Saturday marked the 71st anniversary of the D-Day invasion by Allied forces along the coast of France that helped defeat the Nazis in World War II.
Allied veterans and families of their fallen comrades gathered at the U.S. cemetery overlooking Omaha Beach, one of the five sectors of the Allied invasion of German-occupied France in the Normandy landings.
Visitors and U.S. Naval Academy cadets watched as a bagpipe band paraded at the Normandy American Cemetery in Colleville-sur-Mer, amid the thousands of white marble crosses and Stars of David of men and women who lost their lives during the invasion.
U.S. veterans and their families also took part in anniversary events Saturday at the National World War II Memorial in Washington.
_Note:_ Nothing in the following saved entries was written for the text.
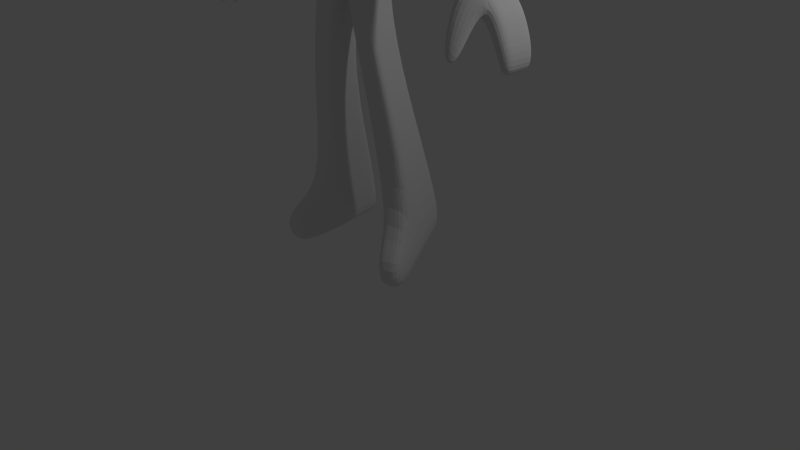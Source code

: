 # Source: 10114280_Reyhan_Audian_Dwi_Putra.blend  (saved by Blender 2.77.0; exported with 4.5.12 LTS)
import bpy
from mathutils import Matrix  # noqa: F401  (used for matrix-valued properties, if any)

bpy.ops.wm.read_factory_settings(use_empty=True)
scene = bpy.context.scene
scene.name = 'Scene'

# ---- collections
col_collection_1 = bpy.data.collections.new('Collection 1'); scene.collection.children.link(col_collection_1)
col_collection_3 = bpy.data.collections.new('Collection 3'); scene.collection.children.link(col_collection_3)

# ---- materials (node trees are filled in below, after node groups)
mat_material = bpy.data.materials.new('Material')
mat_material.alpha_threshold = 0.0
mat_material.use_transparent_shadow = False
mat_material.roughness = 0.5
mat_material.line_color = (0.0, 0.0, 0.0, 1.0)

# ---- material node trees

# ---- world
world_world = bpy.data.worlds.new('World'); scene.world = world_world
world_world.color = (0.05088, 0.05088, 0.05088)
world_world.use_sun_shadow = False
world_world.sun_shadow_jitter_overblur = 0.0
world_world.cycles.sampling_method = 'MANUAL'

# ---- cameras
cam_camera = bpy.data.cameras.new('Camera')
cam_camera.clip_end = 100.0
cam_camera.lens = 35.0
cam_camera.sensor_width = 32.0
cam_camera.sensor_height = 18.0
cam_camera.ortho_scale = 7.314
cam_camera.dof.focus_distance = 0.0
cam_camera.dof.aperture_fstop = 128.0

# ---- lights
light_lamp = bpy.data.lights.new('Lamp', 'POINT')
light_lamp.transmission_factor = 0.0
light_lamp.cutoff_distance = 30.0
light_lamp.energy = 100.0
light_lamp.shadow_buffer_clip_start = 1.001
light_lamp.shadow_soft_size = 0.1
light_lamp.shadow_maximum_resolution = 0.006
light_lamp.use_absolute_resolution = True

# ---- meshes
me_cube = bpy.data.meshes.new('Cube')
me_cube.from_pydata([(0.0, -0.1788, -1.12), (0.0, -0.1246, 1.037), (0.8969, -0.1602, -0.002773), (0.2123, 0.1956, -1.106), (0.0, 0.8846, 0.0), (0.5677, -0.218, -0.9357), (0.0, 0.3751, -0.8357), (0.75, 0.6831, 0.006921), (0.0, -0.7067, -1.215), (0.6236, -0.7569, 0.0559), (0.0, -0.1509, -1.133), (0.0, 0.1616, -0.9889), (0.187, -0.173, -1.121), (0.69, -0.1384, 0.7431), (0.0, 0.6462, 0.7456), (0.0, -0.75, 0.7484), (0.198, 0.1378, -0.9789), (0.5556, 0.3329, -0.6559), (0.4199, -0.5877, -1.007), (0.5556, 0.3329, -0.6559), (0.0, 0.3751, -0.8357), (0.5556, 0.5279, 0.5971), (0.5804, -0.6455, 0.6441), (0.5677, -0.218, -0.9357), (0.0, -0.1788, -1.12), (0.0, 0.2195, -1.115), (0.0, -0.09159, -1.262), (0.2019, -0.1138, -1.251), (0.5325, 0.2434, -1.222), (0.5135, -0.1417, -1.323), (0.0, -0.1187, -1.317), (0.0, 0.271, -1.218), (0.4166, -0.02525, -3.078), (0.4063, -0.4219, -3.045), (0.0, -0.3982, -3.046), (0.0, 0.002229, -3.083), (0.2274, -0.1872, -1.081), (0.3025, -0.1275, 0.998), (0.4561, -0.8526, 0.008174), (0.04304, -0.09635, -1.26), (0.04555, 0.2144, -1.113), (0.3114, 0.8414, 0.001485), (0.0424, 0.1565, -0.9868), (0.1192, 0.3661, -0.7971), (0.3098, -0.6499, -1.127), (0.1192, 0.3661, -0.7971), (0.03936, -0.1556, -1.13), (0.2697, 0.6208, 0.7138), (0.2297, -0.1872, -1.081), (0.3904, -0.723, 0.7188), (0.1099, -0.1236, -1.318), (0.1142, 0.2651, -1.219), (0.08716, -0.4033, -3.046), (0.08937, -0.003667, -3.082), (0.6113, 0.03719, -4.049), (0.647, -0.3566, -4.096), (0.3279, -0.3743, -4.101), (0.2838, 0.02188, -4.056), (0.7298, 0.4841, -5.587), (0.8829, -0.1395, -5.664), (0.4912, -0.2363, -5.672), (0.327, 0.3895, -5.599), (0.6887, 0.5155, -5.98), (0.9085, -0.03975, -6.228), (0.5296, -0.1701, -6.276), (0.2985, 0.3871, -6.031), (0.7659, -0.6977, -5.95), (1.086, -0.6185, -5.943), (0.7973, -0.6436, -6.444), (1.107, -0.537, -6.404), (0.0, 0.4009, -1.491), (0.0, -0.3198, -1.57), (0.4982, -0.1827, -1.575), (0.5155, 0.184, -1.494), (0.1068, -0.3448, -1.571), (0.1106, 0.3949, -1.492), (1.19, 0.1849, -1.846), (1.122, -0.1439, -1.901), (1.026, 0.1513, -2.011), (0.9697, -0.179, -2.054), (1.905, 0.09077, -2.544), (1.814, -0.2878, -2.587), (1.679, 0.05206, -2.687), (1.604, -0.3282, -2.72), (2.23, 0.07531, -2.987), (2.177, -0.3033, -3.006), (2.08, 0.0366, -3.065), (2.038, -0.3437, -3.079), (2.344, 0.06937, -3.261), (2.304, -0.3092, -3.272), (2.227, 0.03066, -3.315), (2.196, -0.3496, -3.323), (2.37, 0.03211, -3.507), (2.337, -0.2868, -3.517), (2.271, -0.0004941, -3.553), (2.245, -0.3208, -3.559), (1.732, 0.05001, -2.737), (1.662, -0.3303, -2.767), (1.948, 0.08872, -2.602), (1.862, -0.2899, -2.643), (2.008, 0.0394, -2.997), (2.171, 0.07811, -2.907), (1.959, -0.3409, -3.014), (2.111, -0.3005, -2.93), (1.919, -0.4286, -3.148), (1.68, -0.4878, -2.959), (2.041, -0.4208, -3.074), (1.841, -0.4913, -2.853), (1.947, -0.6748, -3.499), (1.82, -0.7062, -3.398), (2.011, -0.6707, -3.459), (1.905, -0.708, -3.342), (1.408, -0.2303, -2.166), (1.5, 0.1828, -2.107), (1.276, 0.1406, -2.292), (1.201, -0.2744, -2.338), (0.0, 0.4207, -1.784), (0.0, 0.3384, -2.045), (0.3374, -0.2249, -1.815), (0.322, -0.3046, -2.055), (0.1476, -0.4035, -1.814), (0.1443, -0.4464, -2.055), (0.1493, 0.4148, -1.785), (0.1457, 0.3325, -2.045), (0.0, -0.4414, -2.055), (0.0, -0.3986, -1.813), (0.3289, 0.08722, -2.044), (0.3454, 0.1637, -1.785), (0.7849, -0.1681, 0.4519), (0.0, -0.7705, 0.3885), (0.0, 0.7393, 0.4545), (0.6315, 0.5885, 0.3667), (0.6305, -0.7365, 0.3575), (0.286, 0.7069, 0.4357), (0.4364, -0.7857, 0.4151), (0.3023, 0.7929, 0.1581), (0.8506, -0.148, 0.2105), (0.0, -0.8448, 0.2629), (0.0, 0.8322, 0.164), (0.7072, 0.649, 0.1367), (0.6773, -0.7515, 0.2145), (0.02278, 0.2169, -1.114), (0.02115, 0.159, -0.9878), (0.05959, 0.3706, -0.8164), (0.1538, -0.6783, -1.171), (0.05959, 0.3706, -0.8164), (0.1349, 0.6335, 0.7297), (0.1952, -0.7365, 0.7336), (0.05711, 0.2681, -1.218), (0.04468, -0.0007192, -3.082), (0.1131, -0.183, -1.101), (0.1513, -0.1261, 1.018), (0.2332, -0.8555, 0.05306), (0.02136, -0.09397, -1.261), (0.1557, 0.863, 0.0007424), (0.0192, -0.1533, -1.132), (0.1143, -0.183, -1.101), (0.0548, -0.1211, -1.318), (0.04358, -0.4007, -3.046), (0.05529, 0.3979, -1.492), (0.05341, -0.3323, -1.571), (0.07464, 0.4177, -1.785), (0.07287, 0.3354, -2.045), (0.07378, -0.4011, -1.813), (0.07214, -0.4439, -2.055), (0.2568, -0.7704, 0.3629), (0.143, 0.7231, 0.4451), (0.1511, 0.8126, 0.161), (0.08804, -0.832, 0.2189), (0.7903, -0.1608, -0.2735), (0.0, 0.7368, -0.2425), (0.6936, 0.5815, -0.1854), (0.6775, -0.7717, -0.2947), (0.2556, 0.7035, -0.2303), (0.1278, 0.7201, -0.2364), (0.3055, -0.7467, -0.5536), (0.4294, -0.6575, -0.5722), (0.06328, -0.7516, -0.7302), (0.0, -0.7645, -0.6074), (0.03657, -0.7368, -0.6071), (0.4603, -0.6751, -0.6056), (0.1476, -0.6989, -0.5459), (0.2753, -0.6386, -0.6055), (0.1909, -0.705, -0.6066), (0.0, -0.7794, -0.7281), (0.0, -0.8316, -0.5379), (0.4456, -0.7111, -0.5118), (0.3249, -0.8012, -0.4726), (0.2184, -0.7206, -0.7256), (0.2945, -0.6551, -0.7116), (0.4837, -0.7279, -0.6228), (0.1813, -0.8103, -0.4529), (0.0, -0.9442, -0.4174), (0.4391, -0.7239, -0.5383), (0.3172, -0.8136, -0.5145), (0.4744, -0.7411, -0.6319), (0.0, -0.9564, -0.4793), (0.1674, -0.823, -0.4908), (0.2869, -0.6824, -0.6634), (0.2075, -0.7483, -0.6675), (0.05278, -0.7797, -0.669), (0.0, -0.8074, -0.6686), (0.5914, -0.7632, 0.08301), (0.4533, -0.8421, 0.02705), (0.5971, -0.7463, 0.3318), (0.4371, -0.787, 0.3793), (0.6358, -0.7587, 0.2138), (0.2801, -0.8445, 0.08423), (0.2889, -0.7743, 0.3363), (0.2361, -0.8258, 0.2172), (0.5811, -0.703, 0.1042), (0.4533, -0.7819, 0.04363), (0.584, -0.6861, 0.3318), (0.4371, -0.7267, 0.3793), (0.625, -0.6985, 0.2138), (0.3404, -0.7803, 0.1104), (0.3308, -0.714, 0.3207), (0.2979, -0.7655, 0.2172), (0.3691, -0.8867, 0.1962), (0.3399, -0.8701, 0.2157), (0.2844, -0.7894, 0.2598), (0.3135, -0.6206, 0.2793), (0.4379, -0.8477, 0.3234), (0.5302, -0.7894, 0.3344), (0.5054, -0.7556, 0.03323), (0.4574, -0.571, 0.09821), (0.3672, -0.5933, 0.09047), (0.0, -0.7595, -0.8609), (0.08798, -0.7316, -0.8504), (0.2433, -0.7013, -0.8351), (0.3287, -0.6367, -0.7922), (0.1954, -0.8227, -0.3148), (0.0, -0.9594, -0.3035), (0.5366, -0.7399, -0.5332), (0.3607, -0.8152, -0.3414), (0.4941, -0.7236, -0.3569), (0.0, -1.11, -0.05913), (0.0, -1.054, 0.1124), (0.09944, -0.9886, 0.09509), (0.1081, -0.9883, -0.09125), (0.1157, -0.9832, -0.3037), (0.0, -1.12, -0.2923), (0.3818, -0.2012, -1.015), (0.4784, -0.1325, 0.8823), (0.1151, -0.1043, -1.256), (0.5104, 0.7696, 0.003952), (0.1064, -0.1635, -1.126), (0.3831, -0.2012, -1.015), (0.293, -0.1318, -1.32), (0.232, -0.4117, -3.045), (0.1212, 0.2059, -1.11), (0.113, 0.148, -0.9832), (0.3172, 0.351, -0.7331), (0.3598, -0.6217, -1.072), (0.3172, 0.351, -0.7331), (0.3994, 0.5786, 0.6608), (0.4766, -0.6878, 0.6849), (0.304, 0.2553, -1.22), (0.2378, -0.01346, -3.08), (0.4727, -0.3663, -4.099), (0.4324, 0.02883, -4.053), (0.669, -0.1923, -5.669), (0.5098, 0.4324, -5.594), (0.7015, -0.1109, -6.254), (0.4756, 0.4454, -6.008), (0.9112, -0.6618, -5.947), (0.9379, -0.5952, -6.426), (0.2844, -0.2713, -1.573), (0.2943, 0.2992, -1.493), (0.2337, -0.3225, -1.814), (0.2249, -0.3821, -2.055), (0.2383, 0.3008, -1.785), (0.2288, 0.2212, -2.044), (0.4428, 0.6532, 0.4044), (0.5245, -0.7634, 0.389), (0.486, 0.7276, 0.1484), (0.4544, 0.6481, -0.2099), (0.2292, -0.6749, -0.6061), (0.2529, -0.6909, -0.7192), (0.2436, -0.7184, -0.6657), (0.5097, -0.7685, 0.3578), (0.5037, -0.7083, 0.3578), (0.2821, -0.672, -0.8156), (0.0, -0.5126, -1.18), (0.0, -0.5201, 0.8546), (0.7372, -0.5576, 0.03434), (0.4742, -0.4518, -0.9808), (0.6207, -0.4591, 0.6805), (0.3581, -0.5041, 0.8214), (0.2795, -0.4798, -1.11), (0.6872, -0.5276, 0.3922), (0.7516, -0.548, 0.1949), (0.1388, -0.4962, -1.145), (0.179, -0.5121, 0.838), (0.7321, -0.5673, -0.2869), (0.4773, -0.4837, 0.7574), (0.3679, -0.4671, -1.051), (0.3279, -0.2995, 0.9173), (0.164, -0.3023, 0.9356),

About 160,000 Allied troops parachuted or waded onto the beaches of Normandy on June 6, 1944, in what was the largest sea assault in military history. Though about 4,500 died by the end of the day, the operation eventually led to an Allied victory across Europe.
The invasion began shortly after midnight with a perilous airborne operation led by paratroopers of the "Screaming Eagles'' 101st Airborne and the 82nd Airborne divisions. At dawn, thousands of Allied troops leaped out of landing craft to storm the beaches under ferocious German attacks.
U.S. General Dwight D. Eisenhower, then the supreme commander of Allied forces across Western Europe, called the operation a crusade in which “we will accept nothing less than full victory.”